Problem statement>
Of the lines listed below, return exactly those that run from the line containing "#50=DIRECTION('',(0.,0.,-1.));" through the line containing "#72=EDGE_CURVE('E375',#69,#71,#67,.T.);", both included.

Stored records
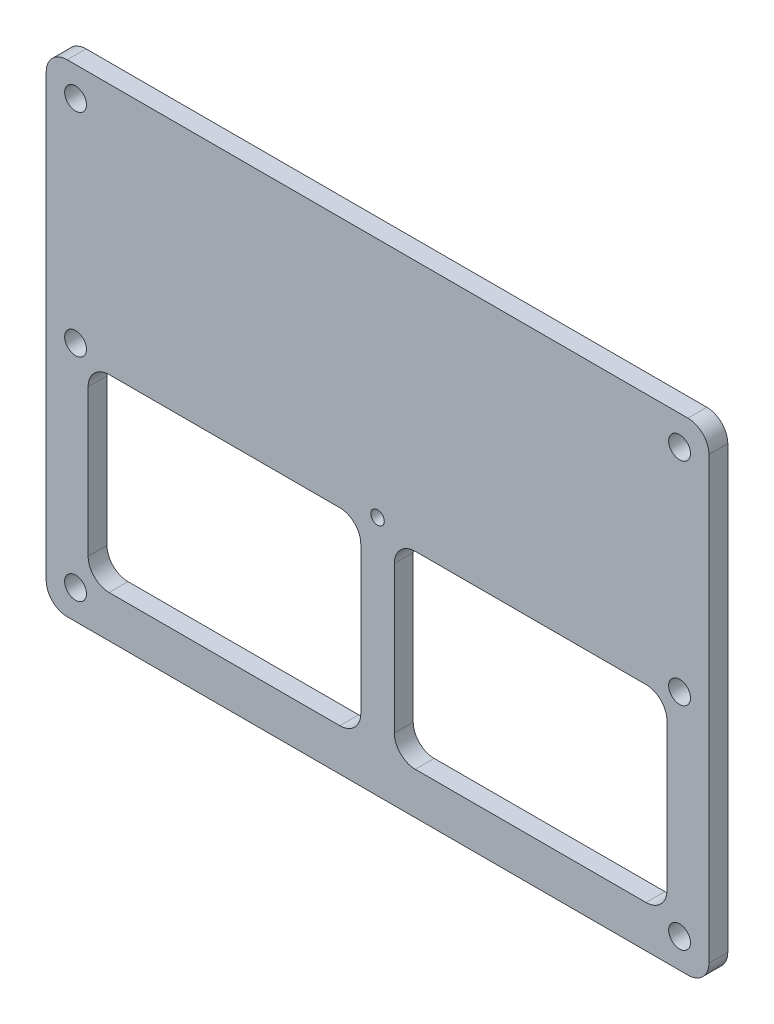
ISO-10303-21;
HEADER;
FILE_DESCRIPTION(('STEP AP214'),'2;1');
FILE_NAME('part.step','',(''),(''),'','','');
FILE_SCHEMA(('AUTOMOTIVE_DESIGN { 1 0 10303 214 1 1 1 1 }'));
ENDSEC;
DATA;
#1=APPLICATION_CONTEXT('core data for automotive mechanical design processes');
#2=APPLICATION_PROTOCOL_DEFINITION('international standard','automotive_design',2000,#1);
#3=PRODUCT_CONTEXT('',#1,'mechanical');
#4=PRODUCT('Part','Part','',(#3));
#5=PRODUCT_RELATED_PRODUCT_CATEGORY('part','',(#4));
#6=PRODUCT_DEFINITION_FORMATION('','',#4);
#7=PRODUCT_DEFINITION_CONTEXT('part definition',#1,'design');
#8=PRODUCT_DEFINITION('design','',#6,#7);
#9=PRODUCT_DEFINITION_SHAPE('','',#8);
#10=(LENGTH_UNIT() NAMED_UNIT(*) SI_UNIT(.MILLI.,.METRE.));
#11=(NAMED_UNIT(*) PLANE_ANGLE_UNIT() SI_UNIT($,.RADIAN.));
#12=(NAMED_UNIT(*) SI_UNIT($,.STERADIAN.) SOLID_ANGLE_UNIT());
#13=UNCERTAINTY_MEASURE_WITH_UNIT(LENGTH_MEASURE(1.E-05),#10,'distance_accuracy_value','');
#14=(GEOMETRIC_REPRESENTATION_CONTEXT(3) GLOBAL_UNCERTAINTY_ASSIGNED_CONTEXT((#13)) GLOBAL_UNIT_ASSIGNED_CONTEXT((#10,
#11,#12)) REPRESENTATION_CONTEXT('',''));
#15=CARTESIAN_POINT('',(0.,0.,0.));
#16=DIRECTION('',(0.,0.,1.));
#17=DIRECTION('',(1.,0.,0.));
#18=AXIS2_PLACEMENT_3D('',#15,#16,#17);
#19=CARTESIAN_POINT('',(-79.,-57.5,4.5));
#20=DIRECTION('',(1.,0.,0.));
#21=DIRECTION('',(0.,0.,-1.));
#22=AXIS2_PLACEMENT_3D('',#19,#20,#21);
#23=PLANE('',#22);
#24=DIRECTION('',(0.,-1.,0.));
#25=VECTOR('',#24,1.);
#26=CARTESIAN_POINT('',(-79.,-57.5,0.));
#27=LINE('',#26,#25);
#28=CARTESIAN_POINT('',(-79.,52.5,0.));
#29=VERTEX_POINT('',#28);
#30=CARTESIAN_POINT('',(-79.,-52.5,0.));
#31=VERTEX_POINT('',#30);
#32=EDGE_CURVE('E346',#29,#31,#27,.T.);
#33=ORIENTED_EDGE('',*,*,#32,.T.);
#34=DIRECTION('',(0.,0.,-1.));
#35=VECTOR('',#34,1.);
#36=CARTESIAN_POINT('',(-79.,-52.5,4.5));
#37=LINE('',#36,#35);
#38=CARTESIAN_POINT('',(-79.,-52.5,4.5));
#39=VERTEX_POINT('',#38);
#40=EDGE_CURVE('E409',#31,#39,#37,.F.);
#41=ORIENTED_EDGE('',*,*,#40,.T.);
#42=DIRECTION('',(0.,-1.,0.));
#43=VECTOR('',#42,1.);
#44=CARTESIAN_POINT('',(-79.,-57.5,4.5));
#45=LINE('',#44,#43);
#46=CARTESIAN_POINT('',(-79.,52.5,4.5));
#47=VERTEX_POINT('',#46);
#48=EDGE_CURVE('E361',#47,#39,#45,.T.);
#49=ORIENTED_EDGE('',*,*,#48,.F.);
#50=DIRECTION('',(0.,0.,-1.));
#51=VECTOR('',#50,1.);
#52=CARTESIAN_POINT('',(-79.,52.5,4.5));
#53=LINE('',#52,#51);
#54=EDGE_CURVE('E406',#47,#29,#53,.T.);
#55=ORIENTED_EDGE('',*,*,#54,.T.);
#56=EDGE_LOOP('',(#33,#41,#49,#55));
#57=FACE_BOUND('',#56,.T.);
#58=ADVANCED_FACE('F37',(#57),#23,.F.);
#59=CARTESIAN_POINT('',(79.,-57.5,4.5));
#60=DIRECTION('',(0.,1.,0.));
#61=DIRECTION('',(-1.,0.,0.));
#62=AXIS2_PLACEMENT_3D('',#59,#60,#61);
#63=PLANE('',#62);
#64=DIRECTION('',(1.,0.,0.));
#65=VECTOR('',#64,1.);
#66=CARTESIAN_POINT('',(79.,-57.5,0.));
#67=LINE('',#66,#65);
#68=CARTESIAN_POINT('',(-74.,-57.5,0.));
#69=VERTEX_POINT('',#68);
#70=CARTESIAN_POINT('',(74.,-57.5,0.));
#71=VERTEX_POINT('',#70);
#72=EDGE_CURVE('E375',#69,#71,#67,.T.);
#73=ORIENTED_EDGE('',*,*,#72,.T.);
#74=DIRECTION('',(0.,0.,-1.));
#75=VECTOR('',#74,1.);
#76=CARTESIAN_POINT('',(74.,-57.5,4.5));
#77=LINE('',#76,#75);
#78=CARTESIAN_POINT('',(74.,-57.5,4.5));
#79=VERTEX_POINT('',#78);
#80=EDGE_CURVE('E397',#71,#79,#77,.F.);
#81=ORIENTED_EDGE('',*,*,#80,.T.);
#82=DIRECTION('',(1.,0.,0.));
#83=VECTOR('',#82,1.);
#84=CARTESIAN_POINT('',(79.,-57.5,4.5));
#85=LINE('',#84,#83);
#86=CARTESIAN_POINT('',(-74.,-57.5,4.5));
#87=VERTEX_POINT('',#86);
#88=EDGE_CURVE('E364',#87,#79,#85,.T.);
#89=ORIENTED_EDGE('',*,*,#88,.F.);
#90=DIRECTION('',(0.,0.,-1.));
#91=VECTOR('',#90,1.);
#92=CARTESIAN_POINT('',(-74.,-57.5,4.5));
#93=LINE('',#92,#91);
#94=EDGE_CURVE('E394',#87,#69,#93,.T.);
#95=ORIENTED_EDGE('',*,*,#94,.T.);
#96=EDGE_LOOP('',(#73,#81,#89,#95));
#97=FACE_BOUND('',#96,.T.);
#98=ADVANCED_FACE('F424',(#97),#63,.F.);
#99=CARTESIAN_POINT('',(79.,-57.5,4.5));
#100=DIRECTION('',(-1.,0.,0.));
#101=DIRECTION('',(0.,0.,1.));
#102=AXIS2_PLACEMENT_3D('',#99,#100,#101);
#103=PLANE('',#102);
#104=DIRECTION('',(0.,1.,0.));
#105=VECTOR('',#104,1.);
#106=CARTESIAN_POINT('',(79.,-57.5,4.5));
#107=LINE('',#106,#105);
#108=CARTESIAN_POINT('',(79.,-52.5,4.5));
#109=VERTEX_POINT('',#108);
#110=CARTESIAN_POINT('',(79.,52.5,4.5));
#111=VERTEX_POINT('',#110);
#112=EDGE_CURVE('E368',#109,#111,#107,.T.);
#113=ORIENTED_EDGE('',*,*,#112,.F.);
#114=DIRECTION('',(0.,0.,-1.));
#115=VECTOR('',#114,1.);
#116=CARTESIAN_POINT('',(79.,-52.5,4.5));
#117=LINE('',#116,#115);
#118=CARTESIAN_POINT('',(79.,-52.5,0.));
#119=VERTEX_POINT('',#118);
#120=EDGE_CURVE('E383',#109,#119,#117,.T.);
#121=ORIENTED_EDGE('',*,*,#120,.T.);
#122=DIRECTION('',(0.,1.,0.));
#123=VECTOR('',#122,1.);
#124=CARTESIAN_POINT('',(79.,-57.5,0.));
#125=LINE('',#124,#123);
#126=CARTESIAN_POINT('',(79.,52.5,0.));
#127=VERTEX_POINT('',#126);
#128=EDGE_CURVE('E378',#119,#127,#125,.T.);
#129=ORIENTED_EDGE('',*,*,#128,.T.);
#130=DIRECTION('',(0.,0.,-1.));
#131=VECTOR('',#130,1.);
#132=CARTESIAN_POINT('',(79.,52.5,4.5));
#133=LINE('',#132,#131);
#134=EDGE_CURVE('E372',#127,#111,#133,.F.);
#135=ORIENTED_EDGE('',*,*,#134,.T.);
#136=EDGE_LOOP('',(#113,#121,#129,#135));
#137=FACE_BOUND('',#136,.T.);
#138=ADVANCED_FACE('F434',(#137),#103,.F.);
#139=CARTESIAN_POINT('',(79.,57.5,4.5));
#140=DIRECTION('',(0.,-1.,0.));
#141=DIRECTION('',(1.,0.,0.));
#142=AXIS2_PLACEMENT_3D('',#139,#140,#141);
#143=PLANE('',#142);
#144=DIRECTION('',(-1.,0.,0.));
#145=VECTOR('',#144,1.);
#146=CARTESIAN_POINT('',(79.,57.5,4.5));
#147=LINE('',#146,#145);
#148=CARTESIAN_POINT('',(74.,57.5,4.5));
#149=VERTEX_POINT('',#148);
#150=CARTESIAN_POINT('',(-74.,57.5,4.5));
#151=VERTEX_POINT('',#150);
#152=EDGE_CURVE('E370',#149,#151,#147,.T.);
#153=ORIENTED_EDGE('',*,*,#152,.F.);
#154=DIRECTION('',(0.,0.,-1.));
#155=VECTOR('',#154,1.);
#156=CARTESIAN_POINT('',(74.,57.5,4.5));
#157=LINE('',#156,#155);
#158=CARTESIAN_POINT('',(74.,57.5,0.));
#159=VERTEX_POINT('',#158);
#160=EDGE_CURVE('E11',#149,#159,#157,.T.);
#161=ORIENTED_EDGE('',*,*,#160,.T.);
#162=DIRECTION('',(-1.,0.,0.));
#163=VECTOR('',#162,1.);
#164=CARTESIAN_POINT('',(79.,57.5,0.));
#165=LINE('',#164,#163);
#166=CARTESIAN_POINT('',(-74.,57.5,0.));
#167=VERTEX_POINT('',#166);
#168=EDGE_CURVE('E365',#159,#167,#165,.T.);
#169=ORIENTED_EDGE('',*,*,#168,.T.);
#170=DIRECTION('',(0.,0.,-1.));
#171=VECTOR('',#170,1.);
#172=CARTESIAN_POINT('',(-74.,57.5,4.5));
#173=LINE('',#172,#171);
#174=EDGE_CURVE('E45',#167,#151,#173,.F.);
#175=ORIENTED_EDGE('',*,*,#174,.T.);
#176=EDGE_LOOP('',(#153,#161,#169,#175));
#177=FACE_BOUND('',#176,.T.);
#178=ADVANCED_FACE('F440',(#177),#143,.F.);
#179=CARTESIAN_POINT('',(0.,0.,4.5));
#180=DIRECTION('',(0.,0.,1.));
#181=DIRECTION('',(1.,0.,0.));
#182=AXIS2_PLACEMENT_3D('',#179,#180,#181);
#183=PLANE('',#182);
#184=CARTESIAN_POINT('',(64.,-7.49999999999999,4.5));
#185=DIRECTION('',(0.,0.,1.));
#186=DIRECTION('',(-1.,0.,0.));
#187=AXIS2_PLACEMENT_3D('',#184,#185,#186);
#188=CIRCLE('',#187,5.);
#189=CARTESIAN_POINT('',(69.,-7.49999999999999,4.5));
#190=VERTEX_POINT('',#189);
#191=CARTESIAN_POINT('',(64.,-2.49999999999999,4.5));
#192=VERTEX_POINT('',#191);
#193=EDGE_CURVE('E206',#190,#192,#188,.T.);
#194=ORIENTED_EDGE('',*,*,#193,.F.);
#195=DIRECTION('',(0.,1.,0.));
#196=VECTOR('',#195,1.);
#197=CARTESIAN_POINT('',(69.,-7.49999999999999,4.5));
#198=LINE('',#197,#196);
#199=CARTESIAN_POINT('',(69.,-42.5,4.5));
#200=VERTEX_POINT('',#199);
#201=EDGE_CURVE('E225',#200,#190,#198,.T.);
#202=ORIENTED_EDGE('',*,*,#201,.F.);
#203=CARTESIAN_POINT('',(64.,-42.5,4.5));
#204=DIRECTION('',(0.,0.,1.));
#205=DIRECTION('',(-1.,0.,0.));
#206=AXIS2_PLACEMENT_3D('',#203,#204,#205);
#207=CIRCLE('',#206,5.00000000000001);
#208=CARTESIAN_POINT('',(64.,-47.5,4.5));
#209=VERTEX_POINT('',#208);
#210=EDGE_CURVE('E228',#209,#200,#207,.T.);
#211=ORIENTED_EDGE('',*,*,#210,.F.);
#212=DIRECTION('',(1.,0.,0.));
#213=VECTOR('',#212,1.);
#214=CARTESIAN_POINT('',(64.,-47.5,4.5));
#215=LINE('',#214,#213);
#216=CARTESIAN_POINT('',(9.00000000000006,-47.5,4.5));
#217=VERTEX_POINT('',#216);
#218=EDGE_CURVE('E260',#217,#209,#215,.T.);
#219=ORIENTED_EDGE('',*,*,#218,.F.);
#220=CARTESIAN_POINT('',(9.00000000000005,-42.5,4.5));
#221=DIRECTION('',(0.,0.,1.));
#222=DIRECTION('',(-1.,0.,0.));
#223=AXIS2_PLACEMENT_3D('',#220,#221,#222);
#224=CIRCLE('',#223,5.);
#225=CARTESIAN_POINT('',(4.00000000000005,-42.5,4.5));
#226=VERTEX_POINT('',#225);
#227=EDGE_CURVE('E257',#226,#217,#224,.T.);
#228=ORIENTED_EDGE('',*,*,#227,.F.);
#229=DIRECTION('',(0.,-1.,0.));
#230=VECTOR('',#229,1.);
#231=CARTESIAN_POINT('',(4.00000000000004,-7.50000000000001,4.5));
#232=LINE('',#231,#230);
#233=CARTESIAN_POINT('',(4.00000000000004,-7.50000000000001,4.5));
#234=VERTEX_POINT('',#233);
#235=EDGE_CURVE('E254',#234,#226,#232,.T.);
#236=ORIENTED_EDGE('',*,*,#235,.F.);
#237=CARTESIAN_POINT('',(9.00000000000004,-7.50000000000001,4.5));
#238=DIRECTION('',(0.,0.,1.));
#239=DIRECTION('',(1.,0.,0.));
#240=AXIS2_PLACEMENT_3D('',#237,#238,#239);
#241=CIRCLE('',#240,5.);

Answer area>
#50=DIRECTION('',(0.,0.,-1.));
#51=VECTOR('',#50,1.);
#52=CARTESIAN_POINT('',(-79.,52.5,4.5));
#53=LINE('',#52,#51);
#54=EDGE_CURVE('E406',#47,#29,#53,.T.);
#55=ORIENTED_EDGE('',*,*,#54,.T.);
#56=EDGE_LOOP('',(#33,#41,#49,#55));
#57=FACE_BOUND('',#56,.T.);
#58=ADVANCED_FACE('F37',(#57),#23,.F.);
#59=CARTESIAN_POINT('',(79.,-57.5,4.5));
#60=DIRECTION('',(0.,1.,0.));
#61=DIRECTION('',(-1.,0.,0.));
#62=AXIS2_PLACEMENT_3D('',#59,#60,#61);
#63=PLANE('',#62);
#64=DIRECTION('',(1.,0.,0.));
#65=VECTOR('',#64,1.);
#66=CARTESIAN_POINT('',(79.,-57.5,0.));
#67=LINE('',#66,#65);
#68=CARTESIAN_POINT('',(-74.,-57.5,0.));
#69=VERTEX_POINT('',#68);
#70=CARTESIAN_POINT('',(74.,-57.5,0.));
#71=VERTEX_POINT('',#70);
#72=EDGE_CURVE('E375',#69,#71,#67,.T.);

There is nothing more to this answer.